> **Exercise instructions**: Word for word, restate the lines from the top of the records below through the line with "#5=PRODUCT_RELATED_PRODUCT_CATEGORY('part','',(#4));", both included, with no pictures in the result.

--- Data for review Enclosed Below ---

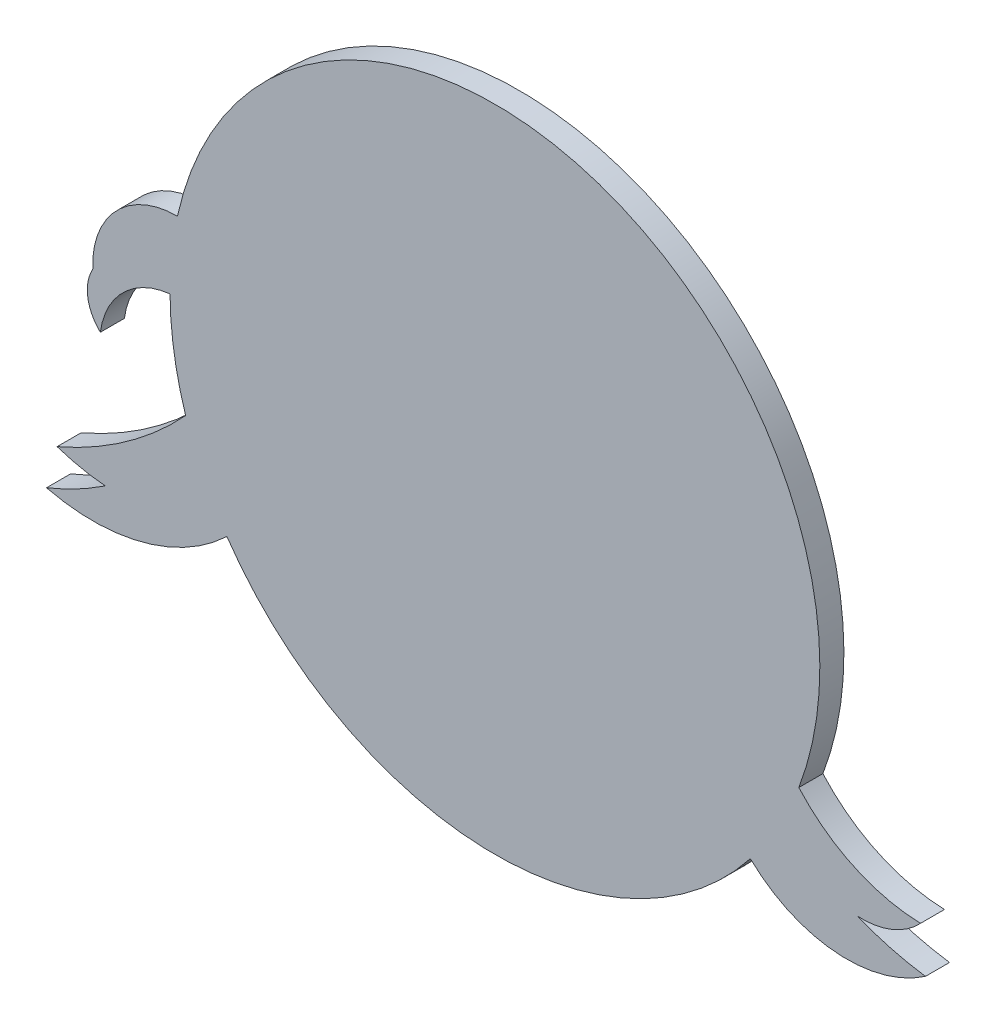
ISO-10303-21;
HEADER;
FILE_DESCRIPTION(('STEP AP214'),'2;1');
FILE_NAME('part.step','',(''),(''),'','','');
FILE_SCHEMA(('AUTOMOTIVE_DESIGN { 1 0 10303 214 1 1 1 1 }'));
ENDSEC;
DATA;
#1=APPLICATION_CONTEXT('core data for automotive mechanical design processes');
#2=APPLICATION_PROTOCOL_DEFINITION('international standard','automotive_design',2000,#1);
#3=PRODUCT_CONTEXT('',#1,'mechanical');
#4=PRODUCT('Part','Part','',(#3));
#5=PRODUCT_RELATED_PRODUCT_CATEGORY('part','',(#4));
#6=PRODUCT_DEFINITION_FORMATION('','',#4);
#7=PRODUCT_DEFINITION_CONTEXT('part definition',#1,'design');
#8=PRODUCT_DEFINITION('design','',#6,#7);
#9=PRODUCT_DEFINITION_SHAPE('','',#8);
#10=(LENGTH_UNIT() NAMED_UNIT(*) SI_UNIT(.MILLI.,.METRE.));
#11=(NAMED_UNIT(*) PLANE_ANGLE_UNIT() SI_UNIT($,.RADIAN.));
#12=(NAMED_UNIT(*) SI_UNIT($,.STERADIAN.) SOLID_ANGLE_UNIT());
#13=UNCERTAINTY_MEASURE_WITH_UNIT(LENGTH_MEASURE(1.E-05),#10,'distance_accuracy_value','');
#14=(GEOMETRIC_REPRESENTATION_CONTEXT(3) GLOBAL_UNCERTAINTY_ASSIGNED_CONTEXT((#13)) GLOBAL_UNIT_ASSIGNED_CONTEXT((#10,
#11,#12)) REPRESENTATION_CONTEXT('',''));
#15=CARTESIAN_POINT('',(0.,0.,0.));
#16=DIRECTION('',(0.,0.,1.));
#17=DIRECTION('',(1.,0.,0.));
#18=AXIS2_PLACEMENT_3D('',#15,#16,#17);
#19=CARTESIAN_POINT('',(53.7015681716826,-0.236669673256251,3.));
#20=DIRECTION('',(0.,0.,-1.));
#21=DIRECTION('',(-1.,0.,0.));
#22=AXIS2_PLACEMENT_3D('',#19,#20,#21);
#23=CYLINDRICAL_SURFACE('',#22,21.1905921058662);
#24=CARTESIAN_POINT('',(53.7015681716826,-0.236669673256251,0.));
#25=DIRECTION('',(0.,0.,-1.));
#26=DIRECTION('',(-1.,0.,0.));
#27=AXIS2_PLACEMENT_3D('',#24,#25,#26);
#28=CIRCLE('',#27,21.1905921058662);
#29=CARTESIAN_POINT('',(53.0386367246914,-21.4168895893428,0.));
#30=VERTEX_POINT('',#29);
#31=CARTESIAN_POINT('',(37.8791462685022,-14.3324902919701,0.));
#32=VERTEX_POINT('',#31);
#33=EDGE_CURVE('E169',#30,#32,#28,.T.);
#34=ORIENTED_EDGE('',*,*,#33,.T.);
#35=DIRECTION('',(0.,0.,-1.));
#36=VECTOR('',#35,1.);
#37=CARTESIAN_POINT('',(37.8791462685022,-14.3324902919701,3.));
#38=LINE('',#37,#36);
#39=CARTESIAN_POINT('',(37.8791462685022,-14.3324902919701,3.));
#40=VERTEX_POINT('',#39);
#41=EDGE_CURVE('E11',#40,#32,#38,.T.);
#42=ORIENTED_EDGE('',*,*,#41,.F.);
#43=CARTESIAN_POINT('',(53.7015681716826,-0.236669673256251,3.));
#44=DIRECTION('',(0.,0.,-1.));
#45=DIRECTION('',(-1.,0.,0.));
#46=AXIS2_PLACEMENT_3D('',#43,#44,#45);
#47=CIRCLE('',#46,21.1905921058662);
#48=CARTESIAN_POINT('',(53.0386367246914,-21.4168895893428,3.));
#49=VERTEX_POINT('',#48);
#50=EDGE_CURVE('E195',#49,#40,#47,.T.);
#51=ORIENTED_EDGE('',*,*,#50,.F.);
#52=DIRECTION('',(0.,0.,-1.));
#53=VECTOR('',#52,1.);
#54=CARTESIAN_POINT('',(53.0386367246914,-21.4168895893428,3.));
#55=LINE('',#54,#53);
#56=EDGE_CURVE('E165',#49,#30,#55,.T.);
#57=ORIENTED_EDGE('',*,*,#56,.T.);
#58=EDGE_LOOP('',(#34,#42,#51,#57));
#59=FACE_BOUND('',#58,.T.);
#60=ADVANCED_FACE('F37',(#59),#23,.F.);
#61=CARTESIAN_POINT('',(0.,0.,3.));
#62=DIRECTION('',(0.,0.,-1.));
#63=DIRECTION('',(-1.,0.,0.));
#64=AXIS2_PLACEMENT_3D('',#61,#62,#63);
#65=CYLINDRICAL_SURFACE('',#64,40.5);
#66=CARTESIAN_POINT('',(0.,0.,0.));
#67=DIRECTION('',(0.,0.,1.));
#68=DIRECTION('',(1.,0.,0.));
#69=AXIS2_PLACEMENT_3D('',#66,#67,#68);
#70=CIRCLE('',#69,40.5);
#71=CARTESIAN_POINT('',(-39.5728639338827,8.61617316854777,0.));
#72=VERTEX_POINT('',#71);
#73=EDGE_CURVE('E172',#32,#72,#70,.T.);
#74=ORIENTED_EDGE('',*,*,#73,.T.);
#75=DIRECTION('',(0.,0.,-1.));
#76=VECTOR('',#75,1.);
#77=CARTESIAN_POINT('',(-39.5728639338827,8.61617316854777,3.));
#78=LINE('',#77,#76);
#79=CARTESIAN_POINT('',(-39.5728639338827,8.61617316854777,3.));
#80=VERTEX_POINT('',#79);
#81=EDGE_CURVE('E45',#80,#72,#78,.T.);
#82=ORIENTED_EDGE('',*,*,#81,.F.);
#83=CARTESIAN_POINT('',(0.,0.,3.));
#84=DIRECTION('',(0.,0.,1.));
#85=DIRECTION('',(1.,0.,0.));
#86=AXIS2_PLACEMENT_3D('',#83,#84,#85);
#87=CIRCLE('',#86,40.5);
#88=EDGE_CURVE('E114',#40,#80,#87,.T.);
#89=ORIENTED_EDGE('',*,*,#88,.F.);
#90=ORIENTED_EDGE('',*,*,#41,.T.);
#91=EDGE_LOOP('',(#74,#82,#89,#90));
#92=FACE_BOUND('',#91,.T.);
#93=ADVANCED_FACE('F283',(#92),#65,.T.);
#94=CARTESIAN_POINT('',(-39.6059922542256,-1.92280846229877,3.));
#95=DIRECTION('',(0.,0.,-1.));
#96=DIRECTION('',(-1.,0.,0.));
#97=AXIS2_PLACEMENT_3D('',#94,#95,#96);
#98=CYLINDRICAL_SURFACE('',#97,10.5390336986334);
#99=CARTESIAN_POINT('',(-39.6059922542256,-1.92280846229877,0.));
#100=DIRECTION('',(0.,0.,1.));
#101=DIRECTION('',(1.,0.,0.));
#102=AXIS2_PLACEMENT_3D('',#99,#100,#101);
#103=CIRCLE('',#102,10.5390336986334);
#104=CARTESIAN_POINT('',(-50.1343074091402,-2.39800452680702,0.));
#105=VERTEX_POINT('',#104);
#106=EDGE_CURVE('E174',#72,#105,#103,.T.);
#107=ORIENTED_EDGE('',*,*,#106,.T.);
#108=DIRECTION('',(0.,0.,-1.));
#109=VECTOR('',#108,1.);
#110=CARTESIAN_POINT('',(-50.1343074091402,-2.39800452680702,3.));
#111=LINE('',#110,#109);
#112=CARTESIAN_POINT('',(-50.1343074091402,-2.39800452680702,3.));
#113=VERTEX_POINT('',#112);
#114=EDGE_CURVE('E220',#113,#105,#111,.T.);
#115=ORIENTED_EDGE('',*,*,#114,.F.);
#116=CARTESIAN_POINT('',(-39.6059922542256,-1.92280846229877,3.));
#117=DIRECTION('',(0.,0.,1.));
#118=DIRECTION('',(1.,0.,0.));
#119=AXIS2_PLACEMENT_3D('',#116,#117,#118);
#120=CIRCLE('',#119,10.5390336986334);
#121=EDGE_CURVE('E228',#80,#113,#120,.T.);
#122=ORIENTED_EDGE('',*,*,#121,.F.);
#123=ORIENTED_EDGE('',*,*,#81,.T.);
#124=EDGE_LOOP('',(#107,#115,#122,#123));
#125=FACE_BOUND('',#124,.T.);
#126=ADVANCED_FACE('F226',(#125),#98,.T.);
#127=CARTESIAN_POINT('',(-45.6304214721293,-4.95539226840726,3.));
#128=DIRECTION('',(0.,0.,-1.));
#129=DIRECTION('',(-1.,0.,0.));
#130=AXIS2_PLACEMENT_3D('',#127,#128,#129);
#131=CYLINDRICAL_SURFACE('',#130,5.17930696082904);
#132=CARTESIAN_POINT('',(-45.6304214721293,-4.95539226840726,0.));
#133=DIRECTION('',(0.,0.,1.));
#134=DIRECTION('',(1.,0.,0.));
#135=AXIS2_PLACEMENT_3D('',#132,#133,#134);
#136=CIRCLE('',#135,5.17930696082904);
#137=CARTESIAN_POINT('',(-49.1863707812971,-8.7210854456485,0.));
#138=VERTEX_POINT('',#137);
#139=EDGE_CURVE('E176',#105,#138,#136,.T.);
#140=ORIENTED_EDGE('',*,*,#139,.T.);
#141=DIRECTION('',(0.,0.,-1.));
#142=VECTOR('',#141,1.);
#143=CARTESIAN_POINT('',(-49.1863707812971,-8.7210854456485,3.));
#144=LINE('',#143,#142);
#145=CARTESIAN_POINT('',(-49.1863707812971,-8.7210854456485,3.));
#146=VERTEX_POINT('',#145);
#147=EDGE_CURVE('E217',#146,#138,#144,.T.);
#148=ORIENTED_EDGE('',*,*,#147,.F.);
#149=CARTESIAN_POINT('',(-45.6304214721293,-4.95539226840726,3.));
#150=DIRECTION('',(0.,0.,1.));
#151=DIRECTION('',(1.,0.,0.));
#152=AXIS2_PLACEMENT_3D('',#149,#150,#151);
#153=CIRCLE('',#152,5.17930696082904);
#154=EDGE_CURVE('E246',#113,#146,#153,.T.);
#155=ORIENTED_EDGE('',*,*,#154,.F.);
#156=ORIENTED_EDGE('',*,*,#114,.T.);
#157=EDGE_LOOP('',(#140,#148,#155,#156));
#158=FACE_BOUND('',#157,.T.);
#159=ADVANCED_FACE('F237',(#158),#131,.T.);
#160=CARTESIAN_POINT('',(-39.4446554951835,-10.0059949421069,3.));
#161=DIRECTION('',(0.,0.,-1.));
#162=DIRECTION('',(-1.,0.,0.));
#163=AXIS2_PLACEMENT_3D('',#160,#161,#162);
#164=CYLINDRICAL_SURFACE('',#163,9.82608819061717);
#165=CARTESIAN_POINT('',(-39.4446554951835,-10.0059949421069,0.));
#166=DIRECTION('',(0.,0.,-1.));
#167=DIRECTION('',(1.,0.,0.));
#168=AXIS2_PLACEMENT_3D('',#165,#166,#167);
#169=CIRCLE('',#168,9.82608819061717);
#170=CARTESIAN_POINT('',(-40.4993084813279,-0.236669673256249,0.));
#171=VERTEX_POINT('',#170);
#172=EDGE_CURVE('E178',#138,#171,#169,.T.);
#173=ORIENTED_EDGE('',*,*,#172,.T.);
#174=DIRECTION('',(0.,0.,-1.));
#175=VECTOR('',#174,1.);
#176=CARTESIAN_POINT('',(-40.4993084813279,-0.236669673256249,3.));
#177=LINE('',#176,#175);
#178=CARTESIAN_POINT('',(-40.4993084813279,-0.236669673256249,3.));
#179=VERTEX_POINT('',#178);
#180=EDGE_CURVE('E214',#179,#171,#177,.T.);
#181=ORIENTED_EDGE('',*,*,#180,.F.);
#182=CARTESIAN_POINT('',(-39.4446554951835,-10.0059949421069,3.));
#183=DIRECTION('',(0.,0.,-1.));
#184=DIRECTION('',(1.,0.,0.));
#185=AXIS2_PLACEMENT_3D('',#182,#183,#184);
#186=CIRCLE('',#185,9.82608819061717);
#187=EDGE_CURVE('E243',#146,#179,#186,.T.);
#188=ORIENTED_EDGE('',*,*,#187,.F.);
#189=ORIENTED_EDGE('',*,*,#147,.T.);
#190=EDGE_LOOP('',(#173,#181,#188,#189));
#191=FACE_BOUND('',#190,.T.);
#192=ADVANCED_FACE('F241',(#191),#164,.F.);
#193=CARTESIAN_POINT('',(0.,0.,3.));
#194=DIRECTION('',(0.,0.,-1.));
#195=DIRECTION('',(-1.,0.,0.));
#196=AXIS2_PLACEMENT_3D('',#193,#194,#195);
#197=CYLINDRICAL_SURFACE('',#196,40.5);
#198=CARTESIAN_POINT('',(0.,0.,0.));
#199=DIRECTION('',(0.,0.,1.));
#200=DIRECTION('',(1.,0.,0.));
#201=AXIS2_PLACEMENT_3D('',#198,#199,#200);
#202=CIRCLE('',#201,40.5);
#203=CARTESIAN_POINT('',(-38.5561689149831,-12.3964445950962,0.));
#204=VERTEX_POINT('',#203);
#205=EDGE_CURVE('E180',#171,#204,#202,.T.);
#206=ORIENTED_EDGE('',*,*,#205,.T.);
#207=DIRECTION('',(0.,0.,-1.));
#208=VECTOR('',#207,1.);
#209=CARTESIAN_POINT('',(-38.5561689149831,-12.3964445950962,3.));
#210=LINE('',#209,#208);
#211=CARTESIAN_POINT('',(-38.5561689149831,-12.3964445950962,3.));
#212=VERTEX_POINT('',#211);
#213=EDGE_CURVE('E211',#212,#204,#210,.T.);
#214=ORIENTED_EDGE('',*,*,#213,.F.);
#215=CARTESIAN_POINT('',(0.,0.,3.));
#216=DIRECTION('',(0.,0.,1.));
#217=DIRECTION('',(1.,0.,0.));
#218=AXIS2_PLACEMENT_3D('',#215,#216,#217);
#219=CIRCLE('',#218,40.5);
#220=EDGE_CURVE('E245',#179,#212,#219,.T.);
#221=ORIENTED_EDGE('',*,*,#220,.F.);
#222=ORIENTED_EDGE('',*,*,#180,.T.);
#223=EDGE_LOOP('',(#206,#214,#221,#222));
#224=FACE_BOUND('',#223,.T.);
#225=ADVANCED_FACE('F296',(#224),#197,.T.);
#226=CARTESIAN_POINT('',(-73.2190479079204,19.485632249498,3.));
#227=DIRECTION('',(0.,0.,-1.));
#228=DIRECTION('',(-1.,0.,0.));
#229=AXIS2_PLACEMENT_3D('',#226,#227,#228);
#230=CYLINDRICAL_SURFACE('',#229,47.0954562989215);
#231=CARTESIAN_POINT('',(-73.2190479079204,19.485632249498,0.));
#232=DIRECTION('',(0.,0.,-1.));
#233=DIRECTION('',(1.,0.,0.));
#234=AXIS2_PLACEMENT_3D('',#231,#232,#233);
#235=CIRCLE('',#234,47.0954562989215);
#236=CARTESIAN_POINT('',(-54.5791607753902,-23.7640684626475,0.));
#237=VERTEX_POINT('',#236);
#238=EDGE_CURVE('E182',#204,#237,#235,.T.);
#239=ORIENTED_EDGE('',*,*,#238,.T.);
#240=DIRECTION('',(0.,0.,-1.));
#241=VECTOR('',#240,1.);
#242=CARTESIAN_POINT('',(-54.5791607753902,-23.7640684626475,3.));
#243=LINE('',#242,#241);
#244=CARTESIAN_POINT('',(-54.5791607753902,-23.7640684626475,3.));
#245=VERTEX_POINT('',#244);
#246=EDGE_CURVE('E208',#245,#237,#243,.T.);
#247=ORIENTED_EDGE('',*,*,#246,.F.);
#248=CARTESIAN_POINT('',(-73.2190479079204,19.485632249498,3.));
#249=DIRECTION('',(0.,0.,-1.));
#250=DIRECTION('',(1.,0.,0.));
#251=AXIS2_PLACEMENT_3D('',#248,#249,#250);
#252=CIRCLE('',#251,47.0954562989215);
#253=EDGE_CURVE('E248',#212,#245,#252,.T.);
#254=ORIENTED_EDGE('',*,*,#253,.F.);
#255=ORIENTED_EDGE('',*,*,#213,.T.);
#256=EDGE_LOOP('',(#239,#247,#254,#255));
#257=FACE_BOUND('',#256,.T.);
#258=ADVANCED_FACE('F299',(#257),#230,.F.);
#259=CARTESIAN_POINT('',(-46.4974879228673,0.298127224619478,3.));
#260=DIRECTION('',(0.,0.,-1.));
#261=DIRECTION('',(-1.,0.,0.));
#262=AXIS2_PLACEMENT_3D('',#259,#260,#261);
#263=CYLINDRICAL_SURFACE('',#262,25.383118354283);
#264=CARTESIAN_POINT('',(-46.4974879228673,0.298127224619478,0.));
#265=DIRECTION('',(0.,0.,1.));
#266=DIRECTION('',(-1.,0.,0.));
#267=AXIS2_PLACEMENT_3D('',#264,#265,#266);
#268=CIRCLE('',#267,25.383118354283);
#269=CARTESIAN_POINT('',(-48.5729291565579,-25.,0.));
#270=VERTEX_POINT('',#269);
#271=EDGE_CURVE('E184',#237,#270,#268,.T.);
#272=ORIENTED_EDGE('',*,*,#271,.T.);
#273=DIRECTION('',(0.,0.,-1.));
#274=VECTOR('',#273,1.);
#275=CARTESIAN_POINT('',(-48.5729291565579,-25.,3.));
#276=LINE('',#275,#274);
#277=CARTESIAN_POINT('',(-48.5729291565579,-25.,3.));
#278=VERTEX_POINT('',#277);
#279=EDGE_CURVE('E205',#278,#270,#276,.T.);
#280=ORIENTED_EDGE('',*,*,#279,.F.);
#281=CARTESIAN_POINT('',(-46.4974879228673,0.298127224619478,3.));
#282=DIRECTION('',(0.,0.,1.));
#283=DIRECTION('',(-1.,0.,0.));
#284=AXIS2_PLACEMENT_3D('',#281,#282,#283);
#285=CIRCLE('',#284,25.383118354283);
#286=EDGE_CURVE('E254',#245,#278,#285,.T.);
#287=ORIENTED_EDGE('',*,*,#286,.F.);
#288=ORIENTED_EDGE('',*,*,#246,.T.);
#289=EDGE_LOOP('',(#272,#280,#287,#288));
#290=FACE_BOUND('',#289,.T.);
#291=ADVANCED_FACE('F303',(#290),#263,.T.);
#292=CARTESIAN_POINT('',(-70.4185005206799,7.54622092385279,3.));
#293=DIRECTION('',(0.,0.,-1.));
#294=DIRECTION('',(-1.,0.,0.));
#295=AXIS2_PLACEMENT_3D('',#292,#293,#294);
#296=CYLINDRICAL_SURFACE('',#295,39.1980290913865);
#297=CARTESIAN_POINT('',(-70.4185005206799,7.54622092385279,0.));
#298=DIRECTION('',(0.,0.,-1.));
#299=DIRECTION('',(1.,0.,0.));
#300=AXIS2_PLACEMENT_3D('',#297,#298,#299);
#301=CIRCLE('',#300,39.1980290913865);
#302=CARTESIAN_POINT('',(-55.8999026146519,-28.8638848092024,0.));
#303=VERTEX_POINT('',#302);
#304=EDGE_CURVE('E186',#270,#303,#301,.T.);
#305=ORIENTED_EDGE('',*,*,#304,.T.);
#306=DIRECTION('',(0.,0.,-1.));
#307=VECTOR('',#306,1.);
#308=CARTESIAN_POINT('',(-55.8999026146519,-28.8638848092024,3.));
#309=LINE('',#308,#307);
#310=CARTESIAN_POINT('',(-55.8999026146519,-28.8638848092024,3.));
#311=VERTEX_POINT('',#310);
#312=EDGE_CURVE('E202',#311,#303,#309,.T.);
#313=ORIENTED_EDGE('',*,*,#312,.F.);
#314=CARTESIAN_POINT('',(-70.4185005206799,7.54622092385279,3.));
#315=DIRECTION('',(0.,0.,-1.));
#316=DIRECTION('',(1.,0.,0.));
#317=AXIS2_PLACEMENT_3D('',#314,#315,#316);
#318=CIRCLE('',#317,39.1980290913865);
#319=EDGE_CURVE('E256',#278,#311,#318,.T.);
#320=ORIENTED_EDGE('',*,*,#319,.F.);
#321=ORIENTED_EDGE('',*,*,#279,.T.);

--- End of Enclosed Data for review ---

> **Task answer**:
ISO-10303-21;
HEADER;
FILE_DESCRIPTION(('STEP AP214'),'2;1');
FILE_NAME('part.step','',(''),(''),'','','');
FILE_SCHEMA(('AUTOMOTIVE_DESIGN { 1 0 10303 214 1 1 1 1 }'));
ENDSEC;
DATA;
#1=APPLICATION_CONTEXT('core data for automotive mechanical design processes');
#2=APPLICATION_PROTOCOL_DEFINITION('international standard','automotive_design',2000,#1);
#3=PRODUCT_CONTEXT('',#1,'mechanical');
#4=PRODUCT('Part','Part','',(#3));
#5=PRODUCT_RELATED_PRODUCT_CATEGORY('part','',(#4));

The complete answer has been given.